Domestic Fintech Space
Indian Fintech space witnessed a 2x growth in several deals and 3.7x growth in funding amount in CY2021 compared to CY2020. Further, the average deal size rose from US$ 19.6 million in CY2020 to US$ 33 million in CY2021.4 This was due to funding rounds by PineLabs, BharatPe, and Cred, among others. Of the same, digital payment start-ups received the maximum funding amounting to 48% of the total. The number of Fintech M&A activities also increased nearly 3x to 26 in CY2021 compared to 9 in the previous year. Out of the 19 Fintech unicorns in India, 47.4% of them belonged to the payments sector followed by WealthTech at 21.1% and InsurTech at 15.8%. This surge in investment activity is attributed to the increased scale and rapid adoption of digital payments in the pandemic, as well as the increased interest of regulators and policymakers in the industry.
Other drivers have been technological advancements, the strong technology talent pool helping to rapidly build and scale Fintech business models. However, much has changed in 2022, as worldwide venture capital funding has slowed down. The situation in Ukraine, high inflation, and stock market volatility have prompted a flight to safety putting start-up values at risk. The total funding amount to Indian fintech companies was US$ 1.9 billion for 101 deals between January to May 2022.

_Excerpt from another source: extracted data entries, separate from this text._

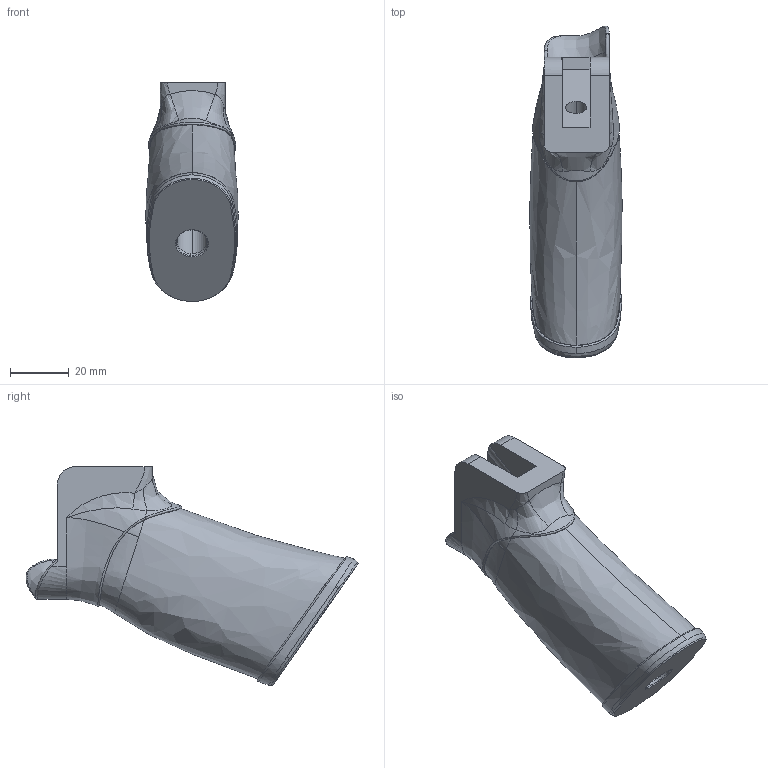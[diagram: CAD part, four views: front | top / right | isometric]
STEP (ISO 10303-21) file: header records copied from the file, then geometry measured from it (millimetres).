
FILE_DESCRIPTION (( 'STEP AP203' ), '1' );
FILE_NAME ('Grip V3.1 Legacy TR.STEP', '2022-05-14T17:17:50', ( '' ), ( '' ), 'SwSTEP 2.0', 'SolidWorks 2021', '' );
FILE_SCHEMA (( 'CONFIG_CONTROL_DESIGN' ));
Length unit declared in the file: inch
Products named in the file (1): Grip V3.1 Legacy TR
Bounding box: 31.48 x 113.41 x 74.79 mm (x, y, z)
Volume: 98009 mm3; surface area: 18361.6 mm2
Topology: 1 solids, 1 shells, 81 faces, 222 edges, 141 vertices
Faces by surface type: bspline 53, plane 14, cylinder 12, torus 2
Entity records: 22632 total; most frequent: CARTESIAN_POINT 20986, ORIENTED_EDGE 434, EDGE_CURVE 217, DIRECTION 155, VERTEX_POINT 141, B_SPLINE_CURVE_WITH_KNOTS 139, EDGE_LOOP 86, ADVANCED_FACE 81

India’s digital payments business is at a tipping point, with revenues estimated to more than treble by 2026, from US$ 3 trillion now to US$ 10 trillion. In volume terms, the Indian digital payment market is estimated to exceed 21,700 crore transactions by 2026, owing to rising acceptance of established digital modes and novel payment options such as Buy-Now-Pay-Later plans and offline payments.